Azure Arc for Data Services, part 6 – Data Controller

This is the the 6th blog post in the series about Azure Arc enabled Data Services.
The initial post can be found at Azure Arc for Data Services, part 1 – Intro and the whole collection can be found at Azure Arc enabled Data Services.

After thinking it through and re-reading the installation of the Data Controller that I did in the blogposts Azure Arc for Data Services, part 3 – Configuring on a plain vanila Kubernetes and Azure Arc for Data Services, part 4 – Configuring on a AKS, I had the feeling the there is a need for a little expansion and this blog post is to show you how you can check on the Data Controller and answer some of the questions.
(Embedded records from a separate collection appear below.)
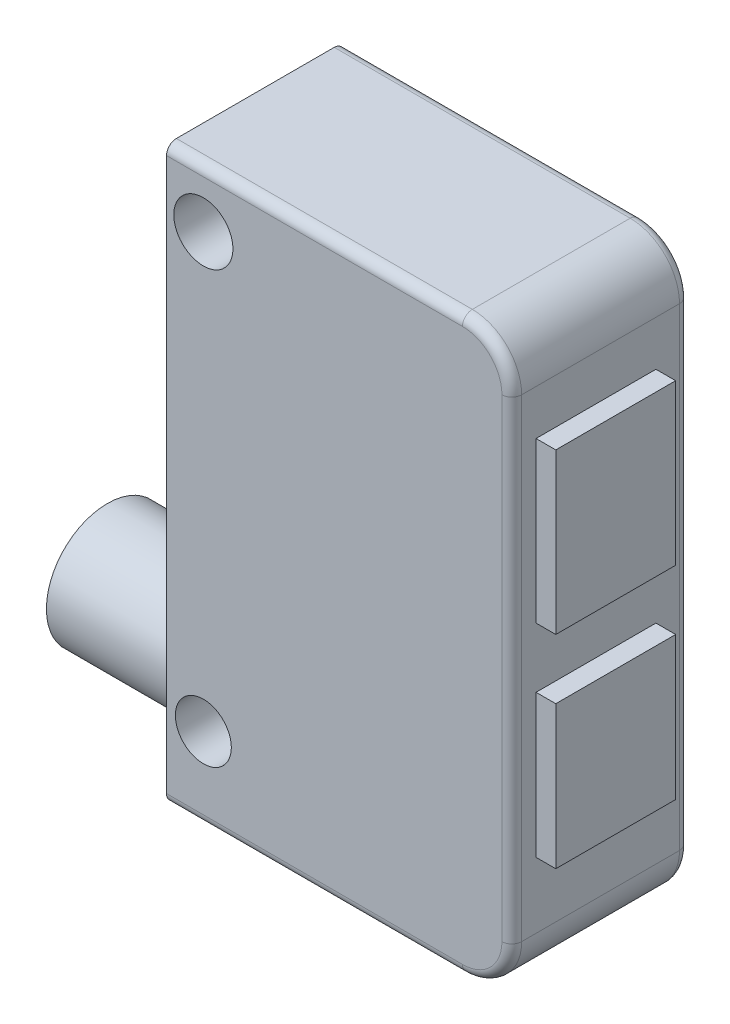
ISO-10303-21;
HEADER;
FILE_DESCRIPTION(('STEP AP214'),'2;1');
FILE_NAME('part.step','',(''),(''),'','','');
FILE_SCHEMA(('AUTOMOTIVE_DESIGN { 1 0 10303 214 1 1 1 1 }'));
ENDSEC;
DATA;
#1=APPLICATION_CONTEXT('core data for automotive mechanical design processes');
#2=APPLICATION_PROTOCOL_DEFINITION('international standard','automotive_design',2000,#1);
#3=PRODUCT_CONTEXT('',#1,'mechanical');
#4=PRODUCT('Part','Part','',(#3));
#5=PRODUCT_RELATED_PRODUCT_CATEGORY('part','',(#4));
#6=PRODUCT_DEFINITION_FORMATION('','',#4);
#7=PRODUCT_DEFINITION_CONTEXT('part definition',#1,'design');
#8=PRODUCT_DEFINITION('design','',#6,#7);
#9=PRODUCT_DEFINITION_SHAPE('','',#8);
#10=(LENGTH_UNIT() NAMED_UNIT(*) SI_UNIT(.MILLI.,.METRE.));
#11=(NAMED_UNIT(*) PLANE_ANGLE_UNIT() SI_UNIT($,.RADIAN.));
#12=(NAMED_UNIT(*) SI_UNIT($,.STERADIAN.) SOLID_ANGLE_UNIT());
#13=UNCERTAINTY_MEASURE_WITH_UNIT(LENGTH_MEASURE(1.E-05),#10,'distance_accuracy_value','');
#14=(GEOMETRIC_REPRESENTATION_CONTEXT(3) GLOBAL_UNCERTAINTY_ASSIGNED_CONTEXT((#13)) GLOBAL_UNIT_ASSIGNED_CONTEXT((#10,
#11,#12)) REPRESENTATION_CONTEXT('',''));
#15=CARTESIAN_POINT('',(0.,0.,0.));
#16=DIRECTION('',(0.,0.,1.));
#17=DIRECTION('',(1.,0.,0.));
#18=AXIS2_PLACEMENT_3D('',#15,#16,#17);
#19=CARTESIAN_POINT('',(17.5,29.,18.));
#20=DIRECTION('',(-1.,0.,0.));
#21=DIRECTION('',(0.,-1.,0.));
#22=AXIS2_PLACEMENT_3D('',#19,#20,#21);
#23=PLANE('',#22);
#24=DIRECTION('',(0.,1.,0.));
#25=VECTOR('',#24,1.);
#26=CARTESIAN_POINT('',(17.5,3.23268340968709,3.39148902415762));
#27=LINE('',#26,#25);
#28=CARTESIAN_POINT('',(17.5,3.23268340968709,3.39148902415762));
#29=VERTEX_POINT('',#28);
#30=CARTESIAN_POINT('',(17.5,19.4350484510095,3.39148902415762));
#31=VERTEX_POINT('',#30);
#32=EDGE_CURVE('E194',#29,#31,#27,.T.);
#33=ORIENTED_EDGE('',*,*,#32,.F.);
#34=DIRECTION('',(0.,0.,-1.));
#35=VECTOR('',#34,1.);
#36=CARTESIAN_POINT('',(17.5,3.23268340968709,15.5432628051494));
#37=LINE('',#36,#35);
#38=CARTESIAN_POINT('',(17.5,3.23268340968709,15.5432628051494));
#39=VERTEX_POINT('',#38);
#40=EDGE_CURVE('E207',#39,#29,#37,.T.);
#41=ORIENTED_EDGE('',*,*,#40,.F.);
#42=DIRECTION('',(0.,-1.,0.));
#43=VECTOR('',#42,1.);
#44=CARTESIAN_POINT('',(17.5,3.23268340968709,15.5432628051494));
#45=LINE('',#44,#43);
#46=CARTESIAN_POINT('',(17.5,19.4350484510095,15.5432628051494));
#47=VERTEX_POINT('',#46);
#48=EDGE_CURVE('E216',#47,#39,#45,.T.);
#49=ORIENTED_EDGE('',*,*,#48,.F.);
#50=DIRECTION('',(0.,0.,1.));
#51=VECTOR('',#50,1.);
#52=CARTESIAN_POINT('',(17.5,19.4350484510095,15.5432628051494));
#53=LINE('',#52,#51);
#54=EDGE_CURVE('E197',#31,#47,#53,.T.);
#55=ORIENTED_EDGE('',*,*,#54,.F.);
#56=EDGE_LOOP('',(#33,#41,#49,#55));
#57=FACE_BOUND('',#56,.T.);
#58=DIRECTION('',(0.,0.,-1.));
#59=VECTOR('',#58,1.);
#60=CARTESIAN_POINT('',(17.5,-24.,18.));
#61=LINE('',#60,#59);
#62=CARTESIAN_POINT('',(17.5,-24.,17.));
#63=VERTEX_POINT('',#62);
#64=CARTESIAN_POINT('',(17.5,-24.,1.));
#65=VERTEX_POINT('',#64);
#66=EDGE_CURVE('E267',#63,#65,#61,.T.);
#67=ORIENTED_EDGE('',*,*,#66,.T.);
#68=DIRECTION('',(0.,1.,0.));
#69=VECTOR('',#68,1.);
#70=CARTESIAN_POINT('',(17.5,29.,1.));
#71=LINE('',#70,#69);
#72=CARTESIAN_POINT('',(17.5,24.,1.));
#73=VERTEX_POINT('',#72);
#74=EDGE_CURVE('E305',#65,#73,#71,.T.);
#75=ORIENTED_EDGE('',*,*,#74,.T.);
#76=DIRECTION('',(0.,0.,-1.));
#77=VECTOR('',#76,1.);
#78=CARTESIAN_POINT('',(17.5,24.,18.));
#79=LINE('',#78,#77);
#80=CARTESIAN_POINT('',(17.5,24.,17.));
#81=VERTEX_POINT('',#80);
#82=EDGE_CURVE('E264',#73,#81,#79,.F.);
#83=ORIENTED_EDGE('',*,*,#82,.T.);
#84=DIRECTION('',(0.,1.,0.));
#85=VECTOR('',#84,1.);
#86=CARTESIAN_POINT('',(17.5,-24.,17.));
#87=LINE('',#86,#85);
#88=EDGE_CURVE('E303',#81,#63,#87,.F.);
#89=ORIENTED_EDGE('',*,*,#88,.T.);
#90=EDGE_LOOP('',(#67,#75,#83,#89));
#91=FACE_BOUND('',#90,.T.);
#92=DIRECTION('',(0.,1.,0.));
#93=VECTOR('',#92,1.);
#94=CARTESIAN_POINT('',(17.5,-17.3318568350683,3.39148902415762));
#95=LINE('',#94,#93);
#96=CARTESIAN_POINT('',(17.5,-17.3318568350683,3.39148902415762));
#97=VERTEX_POINT('',#96);
#98=CARTESIAN_POINT('',(17.5,-2.84320348080882,3.39148902415762));
#99=VERTEX_POINT('',#98);
#100=EDGE_CURVE('E193',#97,#99,#95,.T.);
#101=ORIENTED_EDGE('',*,*,#100,.F.);
#102=DIRECTION('',(0.,0.,-1.));
#103=VECTOR('',#102,1.);
#104=CARTESIAN_POINT('',(17.5,-17.3318568350683,15.5432628051494));
#105=LINE('',#104,#103);
#106=CARTESIAN_POINT('',(17.5,-17.3318568350683,15.5432628051494));
#107=VERTEX_POINT('',#106);
#108=EDGE_CURVE('E190',#107,#97,#105,.T.);
#109=ORIENTED_EDGE('',*,*,#108,.F.);
#110=DIRECTION('',(0.,-1.,0.));
#111=VECTOR('',#110,1.);
#112=CARTESIAN_POINT('',(17.5,-17.3318568350683,15.5432628051494));
#113=LINE('',#112,#111);
#114=CARTESIAN_POINT('',(17.5,-2.84320348080882,15.5432628051494));
#115=VERTEX_POINT('',#114);
#116=EDGE_CURVE('E57',#115,#107,#113,.T.);
#117=ORIENTED_EDGE('',*,*,#116,.F.);
#118=DIRECTION('',(0.,0.,1.));
#119=VECTOR('',#118,1.);
#120=CARTESIAN_POINT('',(17.5,-2.84320348080882,15.5432628051494));
#121=LINE('',#120,#119);
#122=EDGE_CURVE('E52',#99,#115,#121,.T.);
#123=ORIENTED_EDGE('',*,*,#122,.F.);
#124=EDGE_LOOP('',(#101,#109,#117,#123));
#125=FACE_BOUND('',#124,.T.);
#126=ADVANCED_FACE('F35',(#57,#91,#125),#23,.F.);
#127=CARTESIAN_POINT('',(-17.5,29.,18.));
#128=DIRECTION('',(0.,-1.,0.));
#129=DIRECTION('',(0.,0.,-1.));
#130=AXIS2_PLACEMENT_3D('',#127,#128,#129);
#131=PLANE('',#130);
#132=DIRECTION('',(0.,0.,-1.));
#133=VECTOR('',#132,1.);
#134=CARTESIAN_POINT('',(12.5,29.,18.));
#135=LINE('',#134,#133);
#136=CARTESIAN_POINT('',(12.5,29.,17.));
#137=VERTEX_POINT('',#136);
#138=CARTESIAN_POINT('',(12.5,29.,1.));
#139=VERTEX_POINT('',#138);
#140=EDGE_CURVE('E273',#137,#139,#135,.T.);
#141=ORIENTED_EDGE('',*,*,#140,.T.);
#142=DIRECTION('',(-1.,0.,0.));
#143=VECTOR('',#142,1.);
#144=CARTESIAN_POINT('',(-17.5,29.,1.));
#145=LINE('',#144,#143);
#146=CARTESIAN_POINT('',(-17.5,29.,1.));
#147=VERTEX_POINT('',#146);
#148=EDGE_CURVE('E11',#139,#147,#145,.T.);
#149=ORIENTED_EDGE('',*,*,#148,.T.);
#150=DIRECTION('',(0.,0.,-1.));
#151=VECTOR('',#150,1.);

Inside the Data Controller

As already mentioned previously, a freshly deployed Data Controller, without any services at all looks something like this (using get all command of the kubectl):

kubectl get all -n arc

Precisely like the “little brother” Big Data Clusters, our control node :) has 12 pods, but then different 6 Replica Sets and 3 Stateful Sets with whole lotta services (10 to be precise).

Pods

Let’s go through all the pods individually and see what is inside of them. For this purpose and with the help of JSONPath we shall be extracting the lists of the configured containers, specifying the name of the pod in each invocation (kubectl get pods [pod_name] -o jsonpath='{.spec.containers[*].name}’ -n arc ).
The example of the command below will list the containers for the controldb-0 pod:

kubectl get pods controldb-0 -o jsonpath='{.spec.containers[*].name}' -n arc

This gives us the following internal structure (which can naturally change in any moment, since we are in the preview):

bootstrapper-[random] has just one container that is called bootstrapper(base), which to my understanding is a bootstrapper part of the DC. It is the very first pod that gets installed.
control-jkzb7-[random] has 2 containers – fluentbit and controller(base) (forwarder and controller itself)
controldb-0 has 2 containers – fluentbit and mssql-server(base) (forwarder and my favourite database engine – SQL Server on Linux)
controlwd-[random] has 1 container – controlwatchdog(base)This must be the controller node kind of a heartbeat overseer.
logsdb-0 has 1 container – elasticsearch(base)This is our Kibana source, the Elastic Search
logsui-[random] has 1 container – kibana(base)This is our Kibana Web Interface, based on the logsdb-0 container elasticsearch(base)
metricsdb-0 has 1 container – influxdb(base)This is our Grafana Database – InfluxDB
metricsdc-[random] has 1 container – telegraf(base)This is our open source agent, helping to collect server metrics, this is an alternative for the collectD This container is definitely working together with the influxdb(base) container in the metricsdb-0 pod. Note that there are 3 such pods and containers in total.
metricsui-[random] has 1 container – grafana(base)This container will provide the web interface for the Grafana, allowing an easy way to consume and visualize the collected system & deployed services performance metrics
mgmtproxy-[random] has 2 containers – fluentbit(base) and service-proxy. The management service proxy serves for the communication and services management.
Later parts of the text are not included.